Re: ISSUE-29: Re: When is equal and when is it nonequal (eg, the IRI interface)

Manu Sporny wrote:
> On 06/09/2010 04:53 PM, Toby Inkster wrote:
>> On Wed, 9 Jun 2010 17:44:41 +0200
>> Ivan Herman <ivan@w3.org> wrote:
>>
>>> The problem is as follows. In a package like RDFLib, the equality is
>>> fairly simple, it is based on the equality of the URIs (let us put,
>>> for a moment, the issue of IRI vs URI and its encoding aside).
>>> However, our version of the IRI has two attributes: the 'value' and
>>> the 'origin'. Ie, to IRI instances that have the same value but
>>> different origins are different.
>> 'origin' as specified needs fixing. Rather than:
>>
>>  triple.subject.origin
>>
>> We should have:
>>
>>  triple.subjectOrigin
>>
>> That way testing for equivalence between IRIs, Blank nodes and Literals
>> becomes obvious.
> 
> triple.subject.info.source
> 
> That's not great... definitely would like to hear some suggestions on
> how we could make this easier on developers. The "info" mechanism is
> meant to be a free-form developer-modifiable mechanism for storing
> additional information along with subjects, predicates and objects. Mark
> had asked for something like this as had Nathan and a few others.

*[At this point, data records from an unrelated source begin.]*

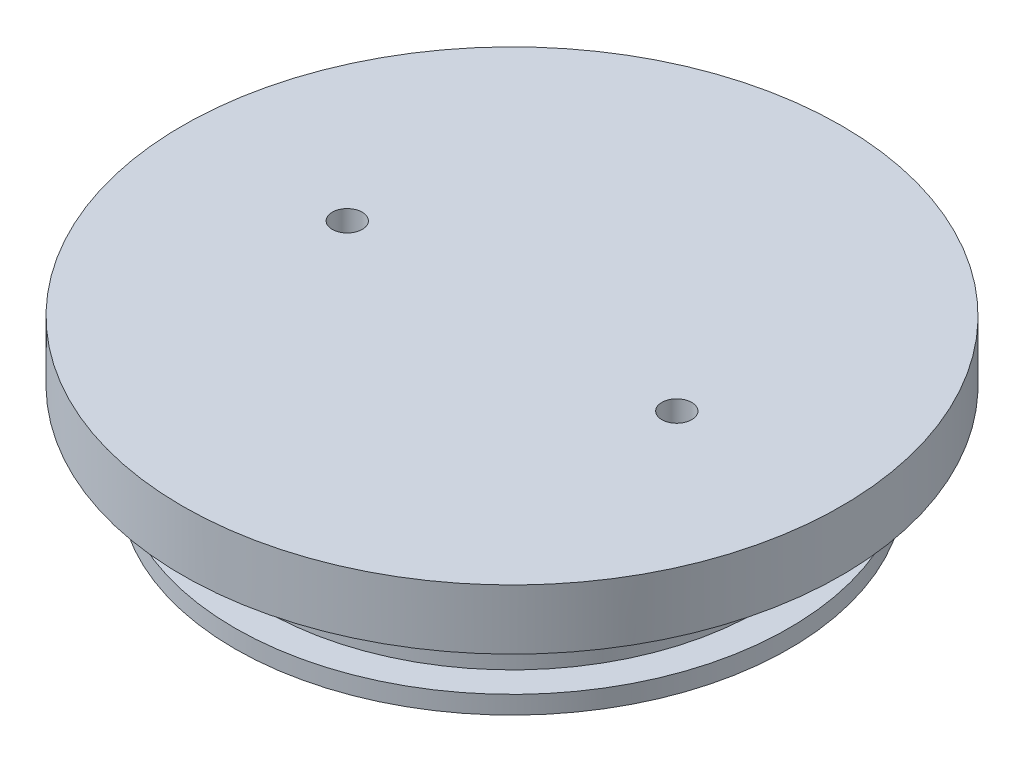
from build123d import *

# Parameters (mm, degrees)
SKETCH_1_R           = 11
EXTRUDE_1_DEPTH      = 9
SKETCH_2_R           = 0.5
CUT_EXTRUDE_1_DEPTH  = 18.972200756
SKETCH_3_R           = 16.549134696
SKETCH_3_R_2         = 9.25
CUT_EXTRUDE_2_DEPTH  = 7
SKETCH_4_W           = 2
SKETCH_4_H           = 1.7
SKETCH_5_W           = 5
SKETCH_5_H           = 6
CUT_EXTRUDE_3_DEPTH  = 7
SKETCH_8_R           = 1.25
CUT_EXTRUDE_6_DEPTH  = 1.5
SKETCH_9_W           = 7
SKETCH_9_H           = 8
SKETCH_9_W_2         = 5
SKETCH_9_H_2         = 6
CUT_EXTRUDE_7_DEPTH  = 2
CHAMFER_1_SIZE       = 0.5
SKETCH_10_R          = 16.70563627
CUT_EXTRUDE_8_DEPTH  = 4
SKETCH_11_R          = 2
CUT_EXTRUDE_9_DEPTH  = 3
SKETCH_12_R          = 1.25
CUT_EXTRUDE_10_DEPTH = 3


with BuildPart() as part:
    # 草图1 → 凸台-拉伸1 (new body)
    with BuildSketch(Plane(origin=(0, 0, 0), x_dir=(1, 0, 0), z_dir=(0, 1, 0))):
        with Locations(Location((0, 0, 0), (0, 0, 270))):
            Circle(SKETCH_1_R)
    extrude(amount=EXTRUDE_1_DEPTH)

    # 草图2 → 切除-拉伸1 (cut, through all)
    with BuildSketch(Plane(origin=(0, 9, 0), x_dir=(1, 0, 0), z_dir=(0, 1, 0))):
        with Locations(Location((-5.5, 0, 0), (0, 0, 270))):
            Circle(SKETCH_2_R)
        with Locations(Location((5.5, 0, 0), (0, 0, 270))):
            Circle(SKETCH_2_R)
    extrude(amount=-CUT_EXTRUDE_1_DEPTH, mode=Mode.SUBTRACT)

    # 草图3 → 切除-拉伸2 (cut)
    with BuildSketch(Plane.XZ):
        Circle(SKETCH_3_R)
        with Locations(Location((0, 0, 0), (0, 0, 270))):
            Circle(SKETCH_3_R_2, mode=Mode.SUBTRACT)
    extrude(amount=-CUT_EXTRUDE_2_DEPTH, mode=Mode.SUBTRACT)

    # 草图4 → 切除-旋转1 (revolve, cut)
    with BuildSketch(Plane.XY, mode=Mode.PRIVATE) as cut_revolve_1_sk:
        with Locations((-9.25, 5.45)):
            Rectangle(SKETCH_4_W, SKETCH_4_H)
        with Locations((-9.25, 2.35)):
            Rectangle(SKETCH_4_W, SKETCH_4_H)
    revolve(cut_revolve_1_sk.sketch.rotate(Axis((0, 0, 0), (0, 1, 0)), 270), axis=Axis((0, 0, 0), (0, 1, 0)), mode=Mode.SUBTRACT)

    # 草图5 → 切除-拉伸3 (cut)
    with BuildSketch(Plane.XZ):
        Rectangle(SKETCH_5_W, SKETCH_5_H)
    extrude(amount=-CUT_EXTRUDE_3_DEPTH, mode=Mode.SUBTRACT)

    # 草图8 → 切除-拉伸6 (cut)
    with BuildSketch(Plane.XZ):
        with Locations(Location((-5.5, 0, 0), (0, 0, 270))):
            Circle(SKETCH_8_R)
        with Locations(Location((5.5, 0, 0), (0, 0, 270))):
            Circle(SKETCH_8_R)
    extrude(amount=-CUT_EXTRUDE_6_DEPTH, mode=Mode.SUBTRACT)

    # 草图9 → 切除-拉伸7 (cut)
    with BuildSketch(Plane.XZ):
        Rectangle(SKETCH_9_W, SKETCH_9_H)
        Rectangle(SKETCH_9_W_2, SKETCH_9_H_2, mode=Mode.SUBTRACT)
    extrude(amount=-CUT_EXTRUDE_7_DEPTH, mode=Mode.SUBTRACT)

    # 倒角1
    chamfer_1_edges = [part.edges().sort_by_distance(p)[0] for p in [
        (0, 0, 9.25),
    ]]
    chamfer(chamfer_1_edges, length=CHAMFER_1_SIZE)

    # 草图10 → 切除-拉伸8 (cut)
    with BuildSketch(Plane(origin=(0, 0, 0), x_dir=(-1, 0, 0), z_dir=(0, -1, 0))):
        Circle(SKETCH_10_R)
    extrude(amount=-CUT_EXTRUDE_8_DEPTH, mode=Mode.SUBTRACT)

    # 草图11 → 切除-拉伸9 (cut)
    with BuildSketch(Plane.XZ.offset(-4)):
        with Locations(Location((-5.5, 0, 0), (0, 0, 270))):
            Circle(SKETCH_11_R)
        with Locations(Location((5.5, 0, 0), (0, 0, 270))):
            Circle(SKETCH_11_R)
    extrude(amount=-CUT_EXTRUDE_9_DEPTH, mode=Mode.SUBTRACT)

    # 草图12 → 切除-拉伸10 (cut)
    with BuildSketch(Plane.XZ.offset(-4)):
        with Locations(Location((-2.75, 4.765, 0), (0, 0, 270))):
            Circle(SKETCH_12_R)
        with Locations(Location((2.75, 4.765, 0), (0, 0, 270))):
            Circle(SKETCH_12_R)
        with Locations(Location((2.75, -4.765, 0), (0, 0, 270))):
            Circle(SKETCH_12_R)
        with Locations(Location((-2.75, -4.765, 0), (0, 0, 270))):
            Circle(SKETCH_12_R)
    extrude(amount=-CUT_EXTRUDE_10_DEPTH, mode=Mode.SUBTRACT)


solid = part.part

Here's how I see it - the following are *not* specific to RDFa:
- IRI
- PlainLiteral
- TypedLiteral
- RDFTriple

negating everything even remotely debatable, IRI is global, an IRI is an 
IRI and whilst an IRI certainly has a value, an IRI definitely 100% most 
certainly does not have an origin, or a source, or an info.source or 
anything of the like.

The same argument goes for all the aforementioned, work outside the 
scope of RDFa API for just a moment and you'll see that these are all 
global and you can't modify or define them in anything other than a 
globally valid way.

Now - apologies in advance for this...

What's the use-case for having the origin/source?
What's the use-case for having store.createIRI(iri,origin);?
  (and all related)

If you have some use-case(s), can they be handled by functions like 
document.getElementsBySubject(type) or not?

 From every angle I look it that, I can't for the life of me see a 
use-case, can't see any reason for them to be there, and at every turn 
they make everything more complicated.

Hence the obvious suggestion, remove all the origin properties and 
arguments.

Best,

Nathan

ps: hope I didn't come across as rude at all - if so, it wasn't intended!